[Description of the task] Reproduce the material below line by line, beginning with its first line and ending with the line that contains "39.7657335065), (-128.3161303103, -54.2342664935))"; leave out pictures.

[Dataset records]
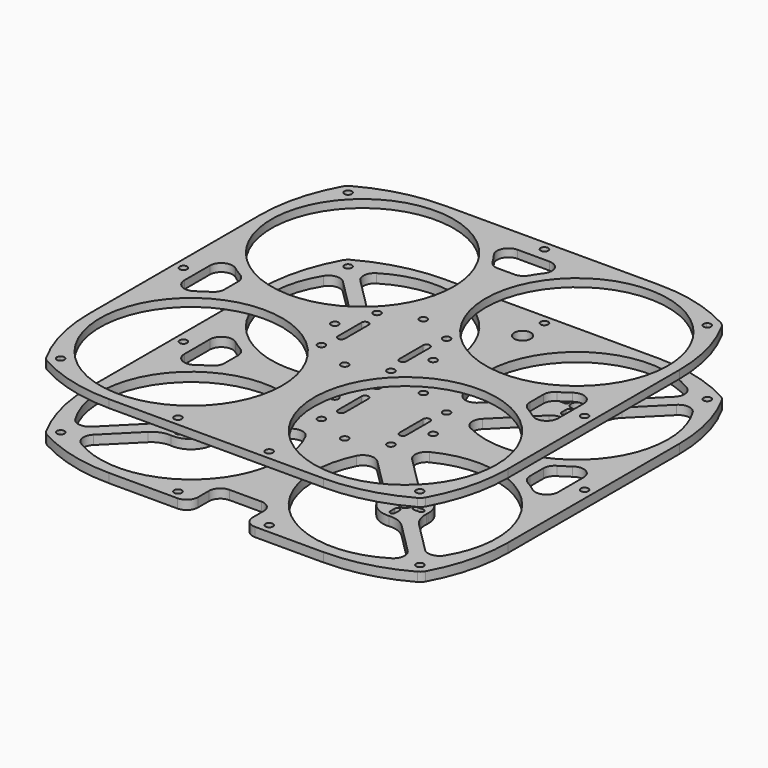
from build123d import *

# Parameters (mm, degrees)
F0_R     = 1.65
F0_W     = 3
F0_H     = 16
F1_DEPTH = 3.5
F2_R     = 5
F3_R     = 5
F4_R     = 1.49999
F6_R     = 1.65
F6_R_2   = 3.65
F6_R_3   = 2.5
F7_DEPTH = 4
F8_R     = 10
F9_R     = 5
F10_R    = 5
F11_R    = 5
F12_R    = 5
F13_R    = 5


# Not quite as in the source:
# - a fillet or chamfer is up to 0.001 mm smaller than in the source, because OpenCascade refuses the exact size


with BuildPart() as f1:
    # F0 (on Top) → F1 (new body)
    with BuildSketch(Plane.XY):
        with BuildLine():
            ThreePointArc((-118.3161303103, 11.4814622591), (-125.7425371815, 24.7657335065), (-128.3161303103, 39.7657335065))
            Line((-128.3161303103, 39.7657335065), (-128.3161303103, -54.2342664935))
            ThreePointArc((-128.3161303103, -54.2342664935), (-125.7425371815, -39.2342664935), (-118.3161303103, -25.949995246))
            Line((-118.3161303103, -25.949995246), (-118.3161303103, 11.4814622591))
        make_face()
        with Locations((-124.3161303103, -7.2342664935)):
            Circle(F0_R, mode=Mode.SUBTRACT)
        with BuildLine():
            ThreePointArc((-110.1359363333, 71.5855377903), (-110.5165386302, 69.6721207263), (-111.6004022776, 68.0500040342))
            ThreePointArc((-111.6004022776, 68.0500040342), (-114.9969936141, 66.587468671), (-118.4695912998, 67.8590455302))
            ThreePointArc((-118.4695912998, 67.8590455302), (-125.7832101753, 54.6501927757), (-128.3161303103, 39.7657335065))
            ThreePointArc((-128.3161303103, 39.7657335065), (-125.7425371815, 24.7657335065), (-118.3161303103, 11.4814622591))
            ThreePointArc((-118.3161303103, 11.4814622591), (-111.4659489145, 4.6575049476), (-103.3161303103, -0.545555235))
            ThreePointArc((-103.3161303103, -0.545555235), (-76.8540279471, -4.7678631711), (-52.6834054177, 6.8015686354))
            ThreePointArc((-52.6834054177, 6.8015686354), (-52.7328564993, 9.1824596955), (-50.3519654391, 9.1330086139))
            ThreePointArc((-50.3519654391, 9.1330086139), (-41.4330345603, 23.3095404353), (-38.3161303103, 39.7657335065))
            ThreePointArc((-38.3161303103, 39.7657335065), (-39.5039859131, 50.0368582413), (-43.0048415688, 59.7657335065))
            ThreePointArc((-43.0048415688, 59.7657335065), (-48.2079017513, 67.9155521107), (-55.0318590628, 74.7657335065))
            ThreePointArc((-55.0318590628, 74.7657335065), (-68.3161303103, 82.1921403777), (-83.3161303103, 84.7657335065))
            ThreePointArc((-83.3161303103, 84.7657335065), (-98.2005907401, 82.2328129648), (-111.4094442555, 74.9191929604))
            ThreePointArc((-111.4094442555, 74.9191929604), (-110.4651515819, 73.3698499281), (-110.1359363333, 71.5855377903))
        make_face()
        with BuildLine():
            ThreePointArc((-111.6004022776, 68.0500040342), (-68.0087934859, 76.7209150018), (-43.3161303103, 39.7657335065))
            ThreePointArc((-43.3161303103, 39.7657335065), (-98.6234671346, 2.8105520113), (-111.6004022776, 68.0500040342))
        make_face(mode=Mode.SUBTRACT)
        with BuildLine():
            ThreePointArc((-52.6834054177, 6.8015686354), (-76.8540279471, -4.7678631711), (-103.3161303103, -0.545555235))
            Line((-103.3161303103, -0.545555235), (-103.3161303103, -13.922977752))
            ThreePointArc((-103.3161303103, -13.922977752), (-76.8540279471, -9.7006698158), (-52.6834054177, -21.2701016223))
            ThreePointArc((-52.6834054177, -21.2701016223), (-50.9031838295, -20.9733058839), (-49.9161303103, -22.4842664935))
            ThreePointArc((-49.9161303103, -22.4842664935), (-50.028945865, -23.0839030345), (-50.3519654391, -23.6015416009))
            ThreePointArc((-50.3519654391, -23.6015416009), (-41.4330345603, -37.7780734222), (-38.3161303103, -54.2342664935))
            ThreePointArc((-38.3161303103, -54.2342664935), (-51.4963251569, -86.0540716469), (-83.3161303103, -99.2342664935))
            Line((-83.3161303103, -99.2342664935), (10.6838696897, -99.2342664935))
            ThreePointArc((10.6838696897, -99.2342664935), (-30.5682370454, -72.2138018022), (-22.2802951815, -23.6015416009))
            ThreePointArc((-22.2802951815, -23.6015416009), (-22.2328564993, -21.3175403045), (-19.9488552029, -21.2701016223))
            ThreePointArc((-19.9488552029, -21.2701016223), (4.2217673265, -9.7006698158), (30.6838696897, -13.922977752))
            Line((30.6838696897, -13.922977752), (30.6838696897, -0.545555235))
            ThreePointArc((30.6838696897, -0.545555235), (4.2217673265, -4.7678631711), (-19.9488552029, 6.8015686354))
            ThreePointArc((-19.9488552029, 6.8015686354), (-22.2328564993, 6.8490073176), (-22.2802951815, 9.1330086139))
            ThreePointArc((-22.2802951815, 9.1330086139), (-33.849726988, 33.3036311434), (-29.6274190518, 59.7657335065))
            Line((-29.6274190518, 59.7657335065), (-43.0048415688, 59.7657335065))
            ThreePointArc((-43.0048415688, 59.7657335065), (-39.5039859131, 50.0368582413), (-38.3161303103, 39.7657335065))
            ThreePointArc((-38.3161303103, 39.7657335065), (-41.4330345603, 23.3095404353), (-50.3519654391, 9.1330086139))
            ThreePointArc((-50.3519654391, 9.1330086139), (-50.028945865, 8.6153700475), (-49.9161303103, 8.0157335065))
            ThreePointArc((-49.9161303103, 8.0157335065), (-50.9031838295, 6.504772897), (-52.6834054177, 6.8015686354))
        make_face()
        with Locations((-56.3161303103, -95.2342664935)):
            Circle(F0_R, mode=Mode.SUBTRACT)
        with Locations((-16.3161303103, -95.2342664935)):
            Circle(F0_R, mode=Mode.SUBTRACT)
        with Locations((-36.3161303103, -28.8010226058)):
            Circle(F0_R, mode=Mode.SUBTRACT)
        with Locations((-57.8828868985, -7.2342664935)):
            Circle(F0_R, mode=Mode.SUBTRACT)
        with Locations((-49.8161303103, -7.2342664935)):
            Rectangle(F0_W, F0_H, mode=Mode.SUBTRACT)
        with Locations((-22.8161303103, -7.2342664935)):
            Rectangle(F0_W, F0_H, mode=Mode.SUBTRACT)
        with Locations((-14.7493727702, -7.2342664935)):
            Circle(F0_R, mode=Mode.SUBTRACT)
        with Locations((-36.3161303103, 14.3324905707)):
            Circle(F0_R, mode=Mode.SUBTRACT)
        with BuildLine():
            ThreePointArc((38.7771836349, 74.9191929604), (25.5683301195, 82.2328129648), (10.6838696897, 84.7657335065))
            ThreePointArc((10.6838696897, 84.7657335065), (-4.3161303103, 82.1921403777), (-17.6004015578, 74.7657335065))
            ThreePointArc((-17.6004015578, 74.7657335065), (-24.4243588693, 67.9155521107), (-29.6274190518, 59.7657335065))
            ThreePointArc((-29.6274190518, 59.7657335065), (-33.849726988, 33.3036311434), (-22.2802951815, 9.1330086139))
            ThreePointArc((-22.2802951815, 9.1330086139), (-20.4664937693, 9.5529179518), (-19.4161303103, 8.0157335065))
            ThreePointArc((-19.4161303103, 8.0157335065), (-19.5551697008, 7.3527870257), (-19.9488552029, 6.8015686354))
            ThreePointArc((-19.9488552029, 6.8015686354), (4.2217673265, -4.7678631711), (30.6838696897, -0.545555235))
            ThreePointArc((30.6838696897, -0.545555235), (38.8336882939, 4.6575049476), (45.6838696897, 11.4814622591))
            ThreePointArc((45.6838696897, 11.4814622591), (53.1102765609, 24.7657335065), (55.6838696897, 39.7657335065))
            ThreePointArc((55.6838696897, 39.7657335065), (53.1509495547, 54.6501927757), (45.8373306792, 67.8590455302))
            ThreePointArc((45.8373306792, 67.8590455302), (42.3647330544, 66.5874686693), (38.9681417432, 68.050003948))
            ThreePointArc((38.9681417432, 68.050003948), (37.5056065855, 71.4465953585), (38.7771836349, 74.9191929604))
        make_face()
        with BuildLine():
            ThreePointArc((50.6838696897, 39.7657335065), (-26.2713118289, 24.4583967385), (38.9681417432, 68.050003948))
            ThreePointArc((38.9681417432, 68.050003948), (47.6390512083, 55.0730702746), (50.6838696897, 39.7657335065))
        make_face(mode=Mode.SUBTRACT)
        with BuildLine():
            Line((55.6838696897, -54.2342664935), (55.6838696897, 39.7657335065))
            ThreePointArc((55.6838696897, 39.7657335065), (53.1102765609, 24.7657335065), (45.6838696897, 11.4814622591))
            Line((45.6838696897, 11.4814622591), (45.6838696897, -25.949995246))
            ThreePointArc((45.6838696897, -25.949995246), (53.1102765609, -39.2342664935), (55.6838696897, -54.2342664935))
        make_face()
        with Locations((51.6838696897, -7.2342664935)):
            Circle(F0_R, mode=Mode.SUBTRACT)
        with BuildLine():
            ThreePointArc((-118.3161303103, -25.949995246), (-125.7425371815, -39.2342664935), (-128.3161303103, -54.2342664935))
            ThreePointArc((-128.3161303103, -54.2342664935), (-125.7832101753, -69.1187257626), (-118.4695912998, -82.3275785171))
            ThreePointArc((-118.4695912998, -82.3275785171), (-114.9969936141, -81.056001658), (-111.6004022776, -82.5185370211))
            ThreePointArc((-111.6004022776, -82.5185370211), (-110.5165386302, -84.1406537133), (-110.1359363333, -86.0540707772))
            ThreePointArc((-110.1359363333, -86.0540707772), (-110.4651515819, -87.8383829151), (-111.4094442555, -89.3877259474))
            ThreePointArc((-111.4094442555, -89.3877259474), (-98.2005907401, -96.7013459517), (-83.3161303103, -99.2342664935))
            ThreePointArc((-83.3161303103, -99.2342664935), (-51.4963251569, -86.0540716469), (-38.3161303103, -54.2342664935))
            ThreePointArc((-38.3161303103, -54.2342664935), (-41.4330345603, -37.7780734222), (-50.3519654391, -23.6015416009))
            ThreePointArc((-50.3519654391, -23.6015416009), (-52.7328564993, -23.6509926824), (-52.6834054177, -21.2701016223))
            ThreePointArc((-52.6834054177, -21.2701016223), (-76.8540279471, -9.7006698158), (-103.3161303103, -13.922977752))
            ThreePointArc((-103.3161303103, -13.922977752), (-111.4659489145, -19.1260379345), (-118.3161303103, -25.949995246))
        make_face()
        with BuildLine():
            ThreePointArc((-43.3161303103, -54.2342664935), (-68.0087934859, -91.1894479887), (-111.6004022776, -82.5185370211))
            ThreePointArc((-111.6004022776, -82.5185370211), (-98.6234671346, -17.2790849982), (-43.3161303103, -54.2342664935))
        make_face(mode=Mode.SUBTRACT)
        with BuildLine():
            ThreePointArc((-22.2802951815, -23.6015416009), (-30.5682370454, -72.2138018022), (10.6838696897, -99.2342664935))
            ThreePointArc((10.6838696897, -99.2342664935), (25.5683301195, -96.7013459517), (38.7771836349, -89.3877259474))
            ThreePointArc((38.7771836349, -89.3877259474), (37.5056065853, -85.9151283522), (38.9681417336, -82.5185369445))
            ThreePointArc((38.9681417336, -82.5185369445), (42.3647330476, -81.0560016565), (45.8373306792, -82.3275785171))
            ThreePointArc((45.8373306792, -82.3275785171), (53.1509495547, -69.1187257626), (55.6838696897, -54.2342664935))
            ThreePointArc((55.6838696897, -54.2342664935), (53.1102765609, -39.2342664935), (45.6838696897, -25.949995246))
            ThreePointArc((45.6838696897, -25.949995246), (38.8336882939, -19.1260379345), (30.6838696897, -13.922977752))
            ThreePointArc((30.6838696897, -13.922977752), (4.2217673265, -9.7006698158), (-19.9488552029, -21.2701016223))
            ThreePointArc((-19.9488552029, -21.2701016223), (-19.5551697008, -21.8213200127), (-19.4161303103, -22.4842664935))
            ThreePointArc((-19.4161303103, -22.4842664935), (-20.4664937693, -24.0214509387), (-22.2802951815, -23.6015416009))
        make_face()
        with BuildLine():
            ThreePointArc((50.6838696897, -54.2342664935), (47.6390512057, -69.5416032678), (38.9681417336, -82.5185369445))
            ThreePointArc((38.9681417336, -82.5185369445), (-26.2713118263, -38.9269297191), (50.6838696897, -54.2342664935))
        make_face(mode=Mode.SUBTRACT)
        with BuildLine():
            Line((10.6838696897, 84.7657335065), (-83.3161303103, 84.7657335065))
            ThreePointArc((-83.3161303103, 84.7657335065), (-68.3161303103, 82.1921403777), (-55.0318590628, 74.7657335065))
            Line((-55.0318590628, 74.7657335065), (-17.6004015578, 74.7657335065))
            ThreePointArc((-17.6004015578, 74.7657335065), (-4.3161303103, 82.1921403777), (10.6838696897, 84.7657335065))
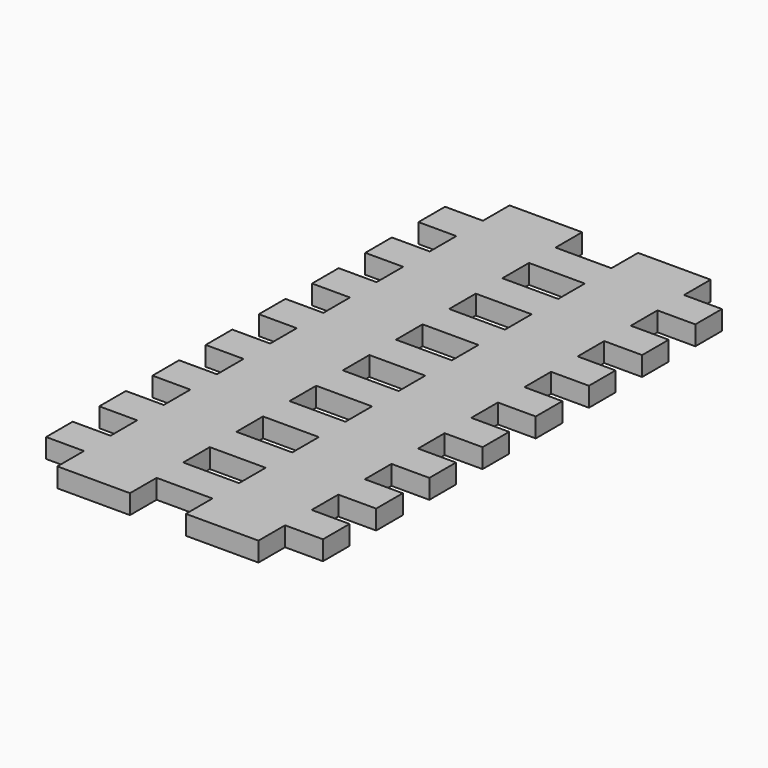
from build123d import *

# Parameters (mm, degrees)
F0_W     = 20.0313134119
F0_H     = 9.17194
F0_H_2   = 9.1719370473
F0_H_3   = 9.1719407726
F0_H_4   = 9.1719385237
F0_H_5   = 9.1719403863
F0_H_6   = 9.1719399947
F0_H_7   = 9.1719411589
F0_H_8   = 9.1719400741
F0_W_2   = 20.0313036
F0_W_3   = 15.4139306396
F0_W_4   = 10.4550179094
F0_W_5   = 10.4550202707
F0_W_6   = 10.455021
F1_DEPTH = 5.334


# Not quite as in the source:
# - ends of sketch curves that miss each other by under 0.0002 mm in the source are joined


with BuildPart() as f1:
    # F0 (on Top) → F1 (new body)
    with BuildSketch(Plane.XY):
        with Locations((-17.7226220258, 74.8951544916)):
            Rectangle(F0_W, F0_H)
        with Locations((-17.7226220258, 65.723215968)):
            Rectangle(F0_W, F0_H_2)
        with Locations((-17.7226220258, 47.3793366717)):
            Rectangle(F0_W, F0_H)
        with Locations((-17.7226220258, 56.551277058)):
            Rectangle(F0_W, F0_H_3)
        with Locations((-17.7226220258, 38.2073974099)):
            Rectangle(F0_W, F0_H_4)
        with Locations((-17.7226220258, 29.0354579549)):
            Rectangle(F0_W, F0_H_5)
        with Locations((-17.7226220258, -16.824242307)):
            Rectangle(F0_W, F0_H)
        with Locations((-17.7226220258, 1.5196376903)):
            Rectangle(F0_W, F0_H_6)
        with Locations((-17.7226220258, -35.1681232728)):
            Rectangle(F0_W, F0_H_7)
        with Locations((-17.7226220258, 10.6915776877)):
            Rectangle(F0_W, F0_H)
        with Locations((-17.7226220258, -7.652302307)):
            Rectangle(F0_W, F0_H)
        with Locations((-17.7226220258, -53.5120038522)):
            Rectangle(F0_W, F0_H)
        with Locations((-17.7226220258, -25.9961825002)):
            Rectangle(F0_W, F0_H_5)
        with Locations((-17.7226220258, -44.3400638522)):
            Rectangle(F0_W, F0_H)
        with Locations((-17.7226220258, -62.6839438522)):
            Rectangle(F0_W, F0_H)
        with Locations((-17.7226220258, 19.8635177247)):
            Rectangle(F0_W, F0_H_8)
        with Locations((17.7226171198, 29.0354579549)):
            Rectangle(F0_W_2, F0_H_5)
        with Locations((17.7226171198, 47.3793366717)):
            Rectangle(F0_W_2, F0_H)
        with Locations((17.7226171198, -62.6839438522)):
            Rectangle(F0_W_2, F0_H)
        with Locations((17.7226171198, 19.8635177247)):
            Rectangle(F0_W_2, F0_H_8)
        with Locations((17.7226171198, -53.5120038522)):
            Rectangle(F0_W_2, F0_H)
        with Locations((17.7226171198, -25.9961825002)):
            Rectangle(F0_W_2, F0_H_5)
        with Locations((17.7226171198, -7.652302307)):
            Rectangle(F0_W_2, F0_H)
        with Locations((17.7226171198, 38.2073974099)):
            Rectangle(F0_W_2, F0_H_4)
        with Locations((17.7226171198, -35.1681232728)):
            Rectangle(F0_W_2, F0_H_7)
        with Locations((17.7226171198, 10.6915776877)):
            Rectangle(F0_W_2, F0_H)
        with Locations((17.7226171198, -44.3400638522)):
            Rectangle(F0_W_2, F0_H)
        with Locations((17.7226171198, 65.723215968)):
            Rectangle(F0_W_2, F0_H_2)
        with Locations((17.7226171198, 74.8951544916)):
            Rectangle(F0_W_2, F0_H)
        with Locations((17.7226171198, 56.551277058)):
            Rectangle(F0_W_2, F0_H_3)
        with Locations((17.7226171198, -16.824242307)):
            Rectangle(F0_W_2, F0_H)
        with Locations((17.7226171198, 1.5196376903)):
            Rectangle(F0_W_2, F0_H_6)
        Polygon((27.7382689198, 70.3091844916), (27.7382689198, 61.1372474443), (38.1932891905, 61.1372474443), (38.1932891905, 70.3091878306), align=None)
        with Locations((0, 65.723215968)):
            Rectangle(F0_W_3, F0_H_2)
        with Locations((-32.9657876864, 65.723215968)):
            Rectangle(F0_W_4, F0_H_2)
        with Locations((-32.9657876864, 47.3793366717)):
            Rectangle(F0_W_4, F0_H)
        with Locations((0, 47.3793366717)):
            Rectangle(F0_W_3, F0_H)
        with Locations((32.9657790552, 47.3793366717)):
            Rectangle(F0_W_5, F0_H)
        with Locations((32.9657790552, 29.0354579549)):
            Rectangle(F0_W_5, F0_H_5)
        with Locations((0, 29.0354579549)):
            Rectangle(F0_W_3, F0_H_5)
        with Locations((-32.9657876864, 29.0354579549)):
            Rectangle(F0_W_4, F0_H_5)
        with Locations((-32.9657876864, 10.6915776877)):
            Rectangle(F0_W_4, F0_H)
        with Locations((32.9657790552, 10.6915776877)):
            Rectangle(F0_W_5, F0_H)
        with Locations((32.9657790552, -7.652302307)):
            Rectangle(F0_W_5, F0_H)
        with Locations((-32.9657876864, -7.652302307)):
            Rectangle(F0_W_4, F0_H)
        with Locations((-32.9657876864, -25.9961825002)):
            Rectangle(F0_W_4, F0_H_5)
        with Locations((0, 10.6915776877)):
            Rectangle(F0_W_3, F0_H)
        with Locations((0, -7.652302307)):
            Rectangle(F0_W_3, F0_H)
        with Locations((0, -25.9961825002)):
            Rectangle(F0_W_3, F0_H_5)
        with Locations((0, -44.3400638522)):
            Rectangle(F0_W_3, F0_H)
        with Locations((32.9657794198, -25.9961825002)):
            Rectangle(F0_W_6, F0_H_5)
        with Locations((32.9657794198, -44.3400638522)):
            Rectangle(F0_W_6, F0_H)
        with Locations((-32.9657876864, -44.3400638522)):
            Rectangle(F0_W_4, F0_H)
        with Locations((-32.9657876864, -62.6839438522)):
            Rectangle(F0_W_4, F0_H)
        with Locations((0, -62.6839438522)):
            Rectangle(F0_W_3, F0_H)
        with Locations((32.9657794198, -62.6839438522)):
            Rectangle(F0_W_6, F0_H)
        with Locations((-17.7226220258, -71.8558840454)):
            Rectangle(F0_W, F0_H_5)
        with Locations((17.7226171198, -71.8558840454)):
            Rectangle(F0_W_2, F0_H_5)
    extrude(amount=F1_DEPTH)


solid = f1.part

[Task solution]
from build123d import *

# Parameters (mm, degrees)
F0_R     = 1.65
F0_W     = 3
F0_H     = 16
F1_DEPTH = 3.5
F2_R     = 5
F3_R     = 5
F4_R     = 1.49999
F6_R     = 1.65
F6_R_2   = 3.65
F6_R_3   = 2.5
F7_DEPTH = 4
F8_R     = 10
F9_R     = 5
F10_R    = 5
F11_R    = 5
F12_R    = 5
F13_R    = 5


# Not quite as in the source:
# - a fillet or chamfer is up to 0.001 mm smaller than in the source, because OpenCascade refuses the exact size


with BuildPart() as f1:
    # F0 (on Top) → F1 (new body)
    with BuildSketch(Plane.XY):
        with BuildLine():
            ThreePointArc((-118.3161303103, 11.4814622591), (-125.7425371815, 24.7657335065), (-128.3161303103, 39.7657335065))
            Line((-128.3161303103, 39.7657335065), (-128.3161303103, -54.2342664935))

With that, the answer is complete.